+++ RECORD SET

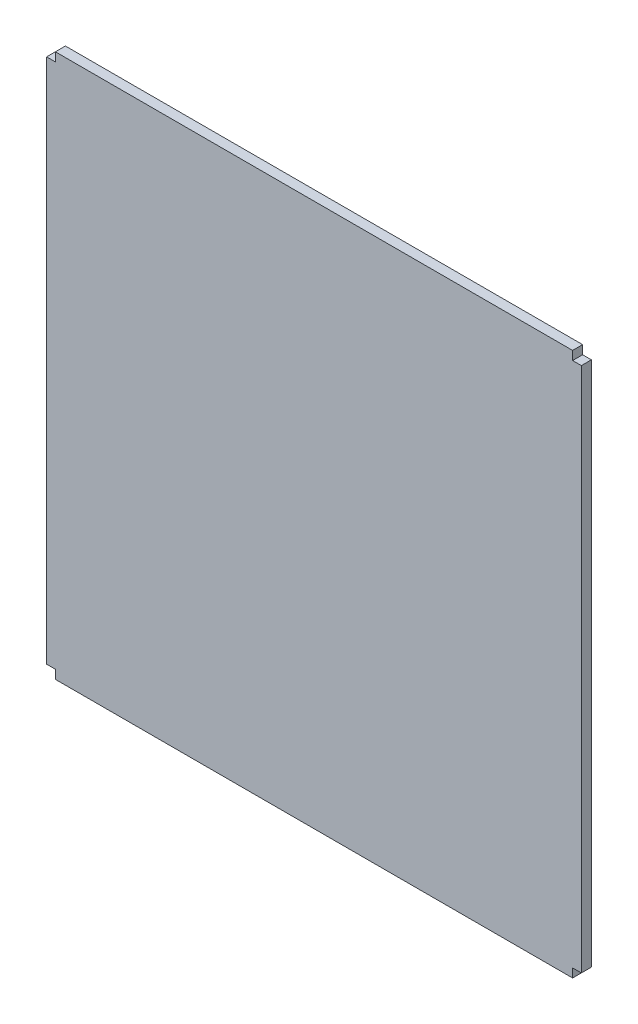
ISO-10303-21;
HEADER;
FILE_DESCRIPTION(('STEP AP214'),'2;1');
FILE_NAME('part.step','',(''),(''),'','','');
FILE_SCHEMA(('AUTOMOTIVE_DESIGN { 1 0 10303 214 1 1 1 1 }'));
ENDSEC;
DATA;
#1=APPLICATION_CONTEXT('core data for automotive mechanical design processes');
#2=APPLICATION_PROTOCOL_DEFINITION('international standard','automotive_design',2000,#1);
#3=PRODUCT_CONTEXT('',#1,'mechanical');
#4=PRODUCT('Part','Part','',(#3));
#5=PRODUCT_RELATED_PRODUCT_CATEGORY('part','',(#4));
#6=PRODUCT_DEFINITION_FORMATION('','',#4);
#7=PRODUCT_DEFINITION_CONTEXT('part definition',#1,'design');
#8=PRODUCT_DEFINITION('design','',#6,#7);
#9=PRODUCT_DEFINITION_SHAPE('','',#8);
#10=(LENGTH_UNIT() NAMED_UNIT(*) SI_UNIT(.MILLI.,.METRE.));
#11=(NAMED_UNIT(*) PLANE_ANGLE_UNIT() SI_UNIT($,.RADIAN.));
#12=(NAMED_UNIT(*) SI_UNIT($,.STERADIAN.) SOLID_ANGLE_UNIT());
#13=UNCERTAINTY_MEASURE_WITH_UNIT(LENGTH_MEASURE(1.E-05),#10,'distance_accuracy_value','');
#14=(GEOMETRIC_REPRESENTATION_CONTEXT(3) GLOBAL_UNCERTAINTY_ASSIGNED_CONTEXT((#13)) GLOBAL_UNIT_ASSIGNED_CONTEXT((#10,
#11,#12)) REPRESENTATION_CONTEXT('',''));
#15=CARTESIAN_POINT('',(0.,0.,0.));
#16=DIRECTION('',(0.,0.,1.));
#17=DIRECTION('',(1.,0.,0.));
#18=AXIS2_PLACEMENT_3D('',#15,#16,#17);
#19=CARTESIAN_POINT('',(0.,0.,8.));
#20=DIRECTION('',(0.,0.,-1.));
#21=DIRECTION('',(-1.,0.,0.));
#22=AXIS2_PLACEMENT_3D('',#19,#20,#21);
#23=PLANE('',#22);
#24=DIRECTION('',(1.,0.,0.));
#25=VECTOR('',#24,1.);
#26=CARTESIAN_POINT('',(-213.5,-210.,8.));
#27=LINE('',#26,#25);
#28=CARTESIAN_POINT('',(-213.5,-210.,8.));
#29=VERTEX_POINT('',#28);
#30=CARTESIAN_POINT('',(-206.5,-210.,8.));
#31=VERTEX_POINT('',#30);
#32=EDGE_CURVE('E141',#29,#31,#27,.T.);
#33=ORIENTED_EDGE('',*,*,#32,.T.);
#34=DIRECTION('',(0.,-1.,0.));
#35=VECTOR('',#34,1.);
#36=CARTESIAN_POINT('',(-206.5,-217.,8.));
#37=LINE('',#36,#35);
#38=CARTESIAN_POINT('',(-206.5,-217.,8.));
#39=VERTEX_POINT('',#38);
#40=EDGE_CURVE('E135',#31,#39,#37,.T.);
#41=ORIENTED_EDGE('',*,*,#40,.T.);
#42=DIRECTION('',(1.,0.,0.));
#43=VECTOR('',#42,1.);
#44=CARTESIAN_POINT('',(-213.5,-217.,8.));
#45=LINE('',#44,#43);
#46=CARTESIAN_POINT('',(206.5,-217.,8.));
#47=VERTEX_POINT('',#46);
#48=EDGE_CURVE('E11',#39,#47,#45,.T.);
#49=ORIENTED_EDGE('',*,*,#48,.T.);
#50=DIRECTION('',(0.,-1.,0.));
#51=VECTOR('',#50,1.);
#52=CARTESIAN_POINT('',(206.5,-217.,8.));
#53=LINE('',#52,#51);
#54=CARTESIAN_POINT('',(206.5,-210.,8.));
#55=VERTEX_POINT('',#54);
#56=EDGE_CURVE('E153',#55,#47,#53,.T.);
#57=ORIENTED_EDGE('',*,*,#56,.F.);
#58=DIRECTION('',(-1.,0.,0.));
#59=VECTOR('',#58,1.);
#60=CARTESIAN_POINT('',(213.5,-210.,8.));
#61=LINE('',#60,#59);
#62=CARTESIAN_POINT('',(213.5,-210.,8.));
#63=VERTEX_POINT('',#62);
#64=EDGE_CURVE('E146',#63,#55,#61,.T.);
#65=ORIENTED_EDGE('',*,*,#64,.F.);
#66=DIRECTION('',(0.,1.,0.));
#67=VECTOR('',#66,1.);
#68=CARTESIAN_POINT('',(213.5,-217.,8.));
#69=LINE('',#68,#67);
#70=CARTESIAN_POINT('',(213.5,210.,8.));
#71=VERTEX_POINT('',#70);
#72=EDGE_CURVE('E203',#63,#71,#69,.T.);
#73=ORIENTED_EDGE('',*,*,#72,.T.);
#74=DIRECTION('',(-1.,0.,0.));
#75=VECTOR('',#74,1.);
#76=CARTESIAN_POINT('',(213.5,210.,8.));
#77=LINE('',#76,#75);
#78=CARTESIAN_POINT('',(206.5,210.,8.));
#79=VERTEX_POINT('',#78);
#80=EDGE_CURVE('E169',#71,#79,#77,.T.);
#81=ORIENTED_EDGE('',*,*,#80,.T.);
#82=DIRECTION('',(0.,1.,0.));
#83=VECTOR('',#82,1.);
#84=CARTESIAN_POINT('',(206.5,217.,8.));
#85=LINE('',#84,#83);
#86=CARTESIAN_POINT('',(206.5,217.,8.));
#87=VERTEX_POINT('',#86);
#88=EDGE_CURVE('E162',#79,#87,#85,.T.);
#89=ORIENTED_EDGE('',*,*,#88,.T.);
#90=DIRECTION('',(-1.,0.,0.));
#91=VECTOR('',#90,1.);
#92=CARTESIAN_POINT('',(-213.5,217.,8.));
#93=LINE('',#92,#91);
#94=CARTESIAN_POINT('',(-206.5,217.,8.));
#95=VERTEX_POINT('',#94);
#96=EDGE_CURVE('E205',#87,#95,#93,.T.);
#97=ORIENTED_EDGE('',*,*,#96,.T.);
#98=DIRECTION('',(0.,1.,0.));
#99=VECTOR('',#98,1.);
#100=CARTESIAN_POINT('',(-206.5,217.,8.));
#101=LINE('',#100,#99);
#102=CARTESIAN_POINT('',(-206.5,210.,8.));
#103=VERTEX_POINT('',#102);
#104=EDGE_CURVE('E188',#103,#95,#101,.T.);
#105=ORIENTED_EDGE('',*,*,#104,.F.);
#106=DIRECTION('',(1.,0.,0.));
#107=VECTOR('',#106,1.);
#108=CARTESIAN_POINT('',(-213.5,210.,8.));
#109=LINE('',#108,#107);
#110=CARTESIAN_POINT('',(-213.5,210.,8.));
#111=VERTEX_POINT('',#110);
#112=EDGE_CURVE('E180',#111,#103,#109,.T.);
#113=ORIENTED_EDGE('',*,*,#112,.F.);
#114=DIRECTION('',(0.,-1.,0.));
#115=VECTOR('',#114,1.);
#116=CARTESIAN_POINT('',(-213.5,-217.,8.));
#117=LINE('',#116,#115);
#118=EDGE_CURVE('E41',#111,#29,#117,.T.);
#119=ORIENTED_EDGE('',*,*,#118,.T.);
#120=EDGE_LOOP('',(#33,#41,#49,#57,#65,#73,#81,#89,#97,#105,#113,#119));
#121=FACE_BOUND('',#120,.T.);
#122=ADVANCED_FACE('F32',(#121),#23,.F.);
#123=CARTESIAN_POINT('',(0.,0.,0.));
#124=DIRECTION('',(0.,0.,-1.));
#125=DIRECTION('',(-1.,0.,0.));
#126=AXIS2_PLACEMENT_3D('',#123,#124,#125);
#127=PLANE('',#126);
#128=DIRECTION('',(0.,-1.,0.));
#129=VECTOR('',#128,1.);
#130=CARTESIAN_POINT('',(-206.5,-217.,0.));
#131=LINE('',#130,#129);
#132=CARTESIAN_POINT('',(-206.5,-210.,0.));
#133=VERTEX_POINT('',#132);
#134=CARTESIAN_POINT('',(-206.5,-217.,0.));
#135=VERTEX_POINT('',#134);
#136=EDGE_CURVE('E49',#133,#135,#131,.T.);
#137=ORIENTED_EDGE('',*,*,#136,.F.);
#138=DIRECTION('',(1.,0.,0.));
#139=VECTOR('',#138,1.);
#140=CARTESIAN_POINT('',(-213.5,-210.,0.));
#141=LINE('',#140,#139);
#142=CARTESIAN_POINT('',(-213.5,-210.,0.));
#143=VERTEX_POINT('',#142);
#144=EDGE_CURVE('E123',#143,#133,#141,.T.);
#145=ORIENTED_EDGE('',*,*,#144,.F.);
#146=DIRECTION('',(0.,-1.,0.));
#147=VECTOR('',#146,1.);
#148=CARTESIAN_POINT('',(-213.5,-217.,0.));
#149=LINE('',#148,#147);
#150=CARTESIAN_POINT('',(-213.5,210.,0.));
#151=VERTEX_POINT('',#150);
#152=EDGE_CURVE('E211',#151,#143,#149,.T.);
#153=ORIENTED_EDGE('',*,*,#152,.F.);
#154=DIRECTION('',(1.,0.,0.));
#155=VECTOR('',#154,1.);
#156=CARTESIAN_POINT('',(-213.5,210.,0.));
#157=LINE('',#156,#155);
#158=CARTESIAN_POINT('',(-206.5,210.,0.));
#159=VERTEX_POINT('',#158);
#160=EDGE_CURVE('E184',#151,#159,#157,.T.);
#161=ORIENTED_EDGE('',*,*,#160,.T.);
#162=DIRECTION('',(0.,1.,0.));
#163=VECTOR('',#162,1.);
#164=CARTESIAN_POINT('',(-206.5,217.,0.));
#165=LINE('',#164,#163);
#166=CARTESIAN_POINT('',(-206.5,217.,0.));
#167=VERTEX_POINT('',#166);
#168=EDGE_CURVE('E187',#159,#167,#165,.T.);
#169=ORIENTED_EDGE('',*,*,#168,.T.);
#170=DIRECTION('',(-1.,0.,0.));
#171=VECTOR('',#170,1.);
#172=CARTESIAN_POINT('',(-213.5,217.,0.));
#173=LINE('',#172,#171);
#174=CARTESIAN_POINT('',(206.5,217.,0.));
#175=VERTEX_POINT('',#174);
#176=EDGE_CURVE('E210',#175,#167,#173,.T.);
#177=ORIENTED_EDGE('',*,*,#176,.F.);
#178=DIRECTION('',(0.,1.,0.));
#179=VECTOR('',#178,1.);
#180=CARTESIAN_POINT('',(206.5,217.,0.));
#181=LINE('',#180,#179);
#182=CARTESIAN_POINT('',(206.5,210.,0.));
#183=VERTEX_POINT('',#182);
#184=EDGE_CURVE('E166',#183,#175,#181,.T.);
#185=ORIENTED_EDGE('',*,*,#184,.F.);
#186=DIRECTION('',(-1.,0.,0.));
#187=VECTOR('',#186,1.);
#188=CARTESIAN_POINT('',(213.5,210.,0.));
#189=LINE('',#188,#187);
#190=CARTESIAN_POINT('',(213.5,210.,0.));
#191=VERTEX_POINT('',#190);
#192=EDGE_CURVE('E168',#191,#183,#189,.T.);
#193=ORIENTED_EDGE('',*,*,#192,.F.);
#194=DIRECTION('',(0.,1.,0.));
#195=VECTOR('',#194,1.);
#196=CARTESIAN_POINT('',(213.5,-217.,0.));
#197=LINE('',#196,#195);
#198=CARTESIAN_POINT('',(213.5,-210.,0.));
#199=VERTEX_POINT('',#198);
#200=EDGE_CURVE('E199',#199,#191,#197,.T.);
#201=ORIENTED_EDGE('',*,*,#200,.F.);
#202=DIRECTION('',(-1.,0.,0.));
#203=VECTOR('',#202,1.);
#204=CARTESIAN_POINT('',(213.5,-210.,0.));
#205=LINE('',#204,#203);
#206=CARTESIAN_POINT('',(206.5,-210.,0.));
#207=VERTEX_POINT('',#206);
#208=EDGE_CURVE('E149',#199,#207,#205,.T.);
#209=ORIENTED_EDGE('',*,*,#208,.T.);
#210=DIRECTION('',(0.,-1.,0.));
#211=VECTOR('',#210,1.);
#212=CARTESIAN_POINT('',(206.5,-217.,0.));
#213=LINE('',#212,#211);
#214=CARTESIAN_POINT('',(206.5,-217.,0.));
#215=VERTEX_POINT('',#214);
#216=EDGE_CURVE('E152',#207,#215,#213,.T.);
#217=ORIENTED_EDGE('',*,*,#216,.T.);
#218=DIRECTION('',(1.,0.,0.));
#219=VECTOR('',#218,1.);
#220=CARTESIAN_POINT('',(-213.5,-217.,0.));
#221=LINE('',#220,#219);
#222=EDGE_CURVE('E36',#135,#215,#221,.T.);
#223=ORIENTED_EDGE('',*,*,#222,.F.);
#224=EDGE_LOOP('',(#137,#145,#153,#161,#169,#177,#185,#193,#201,#209,#217,#223));
#225=FACE_BOUND('',#224,.T.);
#226=ADVANCED_FACE('F139',(#225),#127,.T.);
#227=CARTESIAN_POINT('',(-213.5,-217.,8.));
#228=DIRECTION('',(1.,0.,0.));
#229=DIRECTION('',(0.,0.,-1.));
#230=AXIS2_PLACEMENT_3D('',#227,#228,#229);
#231=PLANE('',#230);
#232=DIRECTION('',(0.,0.,1.));
#233=VECTOR('',#232,1.);
#234=CARTESIAN_POINT('',(-213.5,-210.,0.));
#235=LINE('',#234,#233);
#236=EDGE_CURVE('E128',#143,#29,#235,.T.);
#237=ORIENTED_EDGE('',*,*,#236,.T.);
#238=ORIENTED_EDGE('',*,*,#118,.F.);
#239=DIRECTION('',(0.,0.,1.));
#240=VECTOR('',#239,1.);
#241=CARTESIAN_POINT('',(-213.5,210.,0.));
#242=LINE('',#241,#240);
#243=EDGE_CURVE('E191',#151,#111,#242,.T.);
#244=ORIENTED_EDGE('',*,*,#243,.F.);
#245=ORIENTED_EDGE('',*,*,#152,.T.);
#246=EDGE_LOOP('',(#237,#238,#244,#245));
#247=FACE_BOUND('',#246,.T.);
#248=ADVANCED_FACE('F250',(#247),#231,.F.);
#249=CARTESIAN_POINT('',(-213.5,-217.,8.));
#250=DIRECTION('',(0.,1.,0.));
#251=DIRECTION('',(0.,0.,1.));
#252=AXIS2_PLACEMENT_3D('',#249,#250,#251);
#253=PLANE('',#252);
#254=DIRECTION('',(0.,0.,1.));
#255=VECTOR('',#254,1.);
#256=CARTESIAN_POINT('',(-206.5,-217.,0.));
#257=LINE('',#256,#255);
#258=EDGE_CURVE('E132',#135,#39,#257,.T.);
#259=ORIENTED_EDGE('',*,*,#258,.F.);
#260=ORIENTED_EDGE('',*,*,#222,.T.);
#261=DIRECTION('',(0.,0.,1.));
#262=VECTOR('',#261,1.);
#263=CARTESIAN_POINT('',(206.5,-217.,0.));
#264=LINE('',#263,#262);
#265=EDGE_CURVE('E159',#215,#47,#264,.T.);
#266=ORIENTED_EDGE('',*,*,#265,.T.);
#267=ORIENTED_EDGE('',*,*,#48,.F.);
#268=EDGE_LOOP('',(#259,#260,#266,#267));
#269=FACE_BOUND('',#268,.T.);
#270=ADVANCED_FACE('F216',(#269),#253,.F.);
#271=CARTESIAN_POINT('',(213.5,-217.,8.));
#272=DIRECTION('',(-1.,0.,0.));
#273=DIRECTION('',(0.,0.,1.));
#274=AXIS2_PLACEMENT_3D('',#271,#272,#273);
#275=PLANE('',#274);
#276=ORIENTED_EDGE('',*,*,#72,.F.);
#277=DIRECTION('',(0.,0.,1.));
#278=VECTOR('',#277,1.);
#279=CARTESIAN_POINT('',(213.5,-210.,0.));
#280=LINE('',#279,#278);
#281=EDGE_CURVE('E155',#199,#63,#280,.T.);
#282=ORIENTED_EDGE('',*,*,#281,.F.);
#283=ORIENTED_EDGE('',*,*,#200,.T.);
#284=DIRECTION('',(0.,0.,1.));
#285=VECTOR('',#284,1.);
#286=CARTESIAN_POINT('',(213.5,210.,0.));
#287=LINE('',#286,#285);
#288=EDGE_CURVE('E177',#191,#71,#287,.T.);
#289=ORIENTED_EDGE('',*,*,#288,.T.);
#290=EDGE_LOOP('',(#276,#282,#283,#289));
#291=FACE_BOUND('',#290,.T.);
#292=ADVANCED_FACE('F34',(#291),#275,.F.);
#293=CARTESIAN_POINT('',(-213.5,217.,8.));
#294=DIRECTION('',(0.,-1.,0.));
#295=DIRECTION('',(0.,0.,-1.));
#296=AXIS2_PLACEMENT_3D('',#293,#294,#295);
#297=PLANE('',#296);
#298=DIRECTION('',(0.,0.,1.));
#299=VECTOR('',#298,1.);
#300=CARTESIAN_POINT('',(206.5,217.,0.));
#301=LINE('',#300,#299);
#302=EDGE_CURVE('E172',#175,#87,#301,.T.);
#303=ORIENTED_EDGE('',*,*,#302,.F.);
#304=ORIENTED_EDGE('',*,*,#176,.T.);
#305=DIRECTION('',(0.,0.,1.));
#306=VECTOR('',#305,1.);
#307=CARTESIAN_POINT('',(-206.5,217.,0.));
#308=LINE('',#307,#306);
#309=EDGE_CURVE('E196',#167,#95,#308,.T.);
#310=ORIENTED_EDGE('',*,*,#309,.T.);
#311=ORIENTED_EDGE('',*,*,#96,.F.);
#312=EDGE_LOOP('',(#303,#304,#310,#311));
#313=FACE_BOUND('',#312,.T.);
#314=ADVANCED_FACE('F240',(#313),#297,.F.);
#315=CARTESIAN_POINT('',(-206.5,217.,0.));
#316=DIRECTION('',(1.,0.,0.));
#317=DIRECTION('',(0.,0.,-1.));
#318=AXIS2_PLACEMENT_3D('',#315,#316,#317);
#319=PLANE('',#318);
#320=ORIENTED_EDGE('',*,*,#104,.T.);
#321=ORIENTED_EDGE('',*,*,#309,.F.);
#322=ORIENTED_EDGE('',*,*,#168,.F.);
#323=DIRECTION('',(0.,0.,1.));
#324=VECTOR('',#323,1.);
#325=CARTESIAN_POINT('',(-206.5,210.,0.));
#326=LINE('',#325,#324);
#327=EDGE_CURVE('E200',#159,#103,#326,.T.);
#328=ORIENTED_EDGE('',*,*,#327,.T.);
#329=EDGE_LOOP('',(#320,#321,#322,#328));
#330=FACE_BOUND('',#329,.T.);
#331=ADVANCED_FACE('F244',(#330),#319,.F.);
#332=CARTESIAN_POINT('',(-213.5,210.,0.));
#333=DIRECTION('',(0.,-1.,0.));
#334=DIRECTION('',(0.,0.,-1.));
#335=AXIS2_PLACEMENT_3D('',#332,#333,#334);
#336=PLANE('',#335);
#337=ORIENTED_EDGE('',*,*,#112,.T.);
#338=ORIENTED_EDGE('',*,*,#327,.F.);
#339=ORIENTED_EDGE('',*,*,#160,.F.);
#340=ORIENTED_EDGE('',*,*,#243,.T.);
#341=EDGE_LOOP('',(#337,#338,#339,#340));
#342=FACE_BOUND('',#341,.T.);
#343=ADVANCED_FACE('F247',(#342),#336,.F.);
#344=CARTESIAN_POINT('',(213.5,210.,0.));
#345=DIRECTION('',(0.,1.,0.));
#346=DIRECTION('',(0.,0.,1.));
#347=AXIS2_PLACEMENT_3D('',#344,#345,#346);
#348=PLANE('',#347);
#349=ORIENTED_EDGE('',*,*,#80,.F.);
#350=ORIENTED_EDGE('',*,*,#288,.F.);
#351=ORIENTED_EDGE('',*,*,#192,.T.);
#352=DIRECTION('',(0.,0.,1.));
#353=VECTOR('',#352,1.);
#354=CARTESIAN_POINT('',(206.5,210.,0.));
#355=LINE('',#354,#353);
#356=EDGE_CURVE('E181',#183,#79,#355,.T.);
#357=ORIENTED_EDGE('',*,*,#356,.T.);
#358=EDGE_LOOP('',(#349,#350,#351,#357));
#359=FACE_BOUND('',#358,.T.);
#360=ADVANCED_FACE('F231',(#359),#348,.T.);
#361=CARTESIAN_POINT('',(206.5,217.,0.));
#362=DIRECTION('',(1.,0.,0.));
#363=DIRECTION('',(0.,0.,-1.));
#364=AXIS2_PLACEMENT_3D('',#361,#362,#363);
#365=PLANE('',#364);
#366=ORIENTED_EDGE('',*,*,#88,.F.);
#367=ORIENTED_EDGE('',*,*,#356,.F.);
#368=ORIENTED_EDGE('',*,*,#184,.T.);
#369=ORIENTED_EDGE('',*,*,#302,.T.);
#370=EDGE_LOOP('',(#366,#367,#368,#369));
#371=FACE_BOUND('',#370,.T.);
#372=ADVANCED_FACE('F235',(#371),#365,.T.);
#373=CARTESIAN_POINT('',(206.5,-217.,0.));
#374=DIRECTION('',(-1.,0.,0.));
#375=DIRECTION('',(0.,0.,1.));
#376=AXIS2_PLACEMENT_3D('',#373,#374,#375);
#377=PLANE('',#376);
#378=ORIENTED_EDGE('',*,*,#56,.T.);
#379=ORIENTED_EDGE('',*,*,#265,.F.);
#380=ORIENTED_EDGE('',*,*,#216,.F.);
#381=DIRECTION('',(0.,0.,1.));
#382=VECTOR('',#381,1.);
#383=CARTESIAN_POINT('',(206.5,-210.,0.));
#384=LINE('',#383,#382);
#385=EDGE_CURVE('E163',#207,#55,#384,.T.);
#386=ORIENTED_EDGE('',*,*,#385,.T.);
#387=EDGE_LOOP('',(#378,#379,#380,#386));
#388=FACE_BOUND('',#387,.T.);
#389=ADVANCED_FACE('F219',(#388),#377,.F.);
#390=CARTESIAN_POINT('',(213.5,-210.,0.));
#391=DIRECTION('',(0.,1.,0.));
#392=DIRECTION('',(0.,0.,1.));
#393=AXIS2_PLACEMENT_3D('',#390,#391,#392);
#394=PLANE('',#393);
#395=ORIENTED_EDGE('',*,*,#64,.T.);
#396=ORIENTED_EDGE('',*,*,#385,.F.);
#397=ORIENTED_EDGE('',*,*,#208,.F.);
#398=ORIENTED_EDGE('',*,*,#281,.T.);
#399=EDGE_LOOP('',(#395,#396,#397,#398));
#400=FACE_BOUND('',#399,.T.);
#401=ADVANCED_FACE('F224',(#400),#394,.F.);
#402=CARTESIAN_POINT('',(-213.5,-210.,0.));
#403=DIRECTION('',(0.,-1.,0.));
#404=DIRECTION('',(0.,0.,-1.));
#405=AXIS2_PLACEMENT_3D('',#402,#403,#404);
#406=PLANE('',#405);
#407=ORIENTED_EDGE('',*,*,#32,.F.);
#408=ORIENTED_EDGE('',*,*,#236,.F.);
#409=ORIENTED_EDGE('',*,*,#144,.T.);
#410=DIRECTION('',(0.,0.,1.));
#411=VECTOR('',#410,1.);
#412=CARTESIAN_POINT('',(-206.5,-210.,0.));
#413=LINE('',#412,#411);
#414=EDGE_CURVE('E125',#133,#31,#413,.T.);
#415=ORIENTED_EDGE('',*,*,#414,.T.);
#416=EDGE_LOOP('',(#407,#408,#409,#415));
#417=FACE_BOUND('',#416,.T.);
#418=ADVANCED_FACE('F124',(#417),#406,.T.);
#419=CARTESIAN_POINT('',(-206.5,-217.,0.));
#420=DIRECTION('',(-1.,0.,0.));
#421=DIRECTION('',(0.,0.,1.));
#422=AXIS2_PLACEMENT_3D('',#419,#420,#421);
#423=PLANE('',#422);
#424=ORIENTED_EDGE('',*,*,#40,.F.);
#425=ORIENTED_EDGE('',*,*,#414,.F.);
#426=ORIENTED_EDGE('',*,*,#136,.T.);
#427=ORIENTED_EDGE('',*,*,#258,.T.);
#428=EDGE_LOOP('',(#424,#425,#426,#427));
#429=FACE_BOUND('',#428,.T.);
#430=ADVANCED_FACE('F134',(#429),#423,.T.);
#431=CLOSED_SHELL('',(#122,#226,#248,#270,#292,#314,#331,#343,#360,#372,#389,#401,#418,#430));
#432=MANIFOLD_SOLID_BREP('B2',#431);
#433=ADVANCED_BREP_SHAPE_REPRESENTATION('',(#18,#432),#14);
#434=SHAPE_DEFINITION_REPRESENTATION(#9,#433);
ENDSEC;
END-ISO-10303-21;

++++++

### WORK TO COMPLETE
When the line with "#181=LINE('',#180,#179);" is reached in the data above, start copying there, and copy each line exactly until the line with "#192=EDGE_CURVE('E168',#191,#183,#189,.T.);" has been copied; copy nothing else.

### ANSWER TO THE EXERCISE
#181=LINE('',#180,#179);
#182=CARTESIAN_POINT('',(206.5,210.,0.));
#183=VERTEX_POINT('',#182);
#184=EDGE_CURVE('E166',#183,#175,#181,.T.);
#185=ORIENTED_EDGE('',*,*,#184,.F.);
#186=DIRECTION('',(-1.,0.,0.));
#187=VECTOR('',#186,1.);
#188=CARTESIAN_POINT('',(213.5,210.,0.));
#189=LINE('',#188,#187);
#190=CARTESIAN_POINT('',(213.5,210.,0.));
#191=VERTEX_POINT('',#190);
#192=EDGE_CURVE('E168',#191,#183,#189,.T.);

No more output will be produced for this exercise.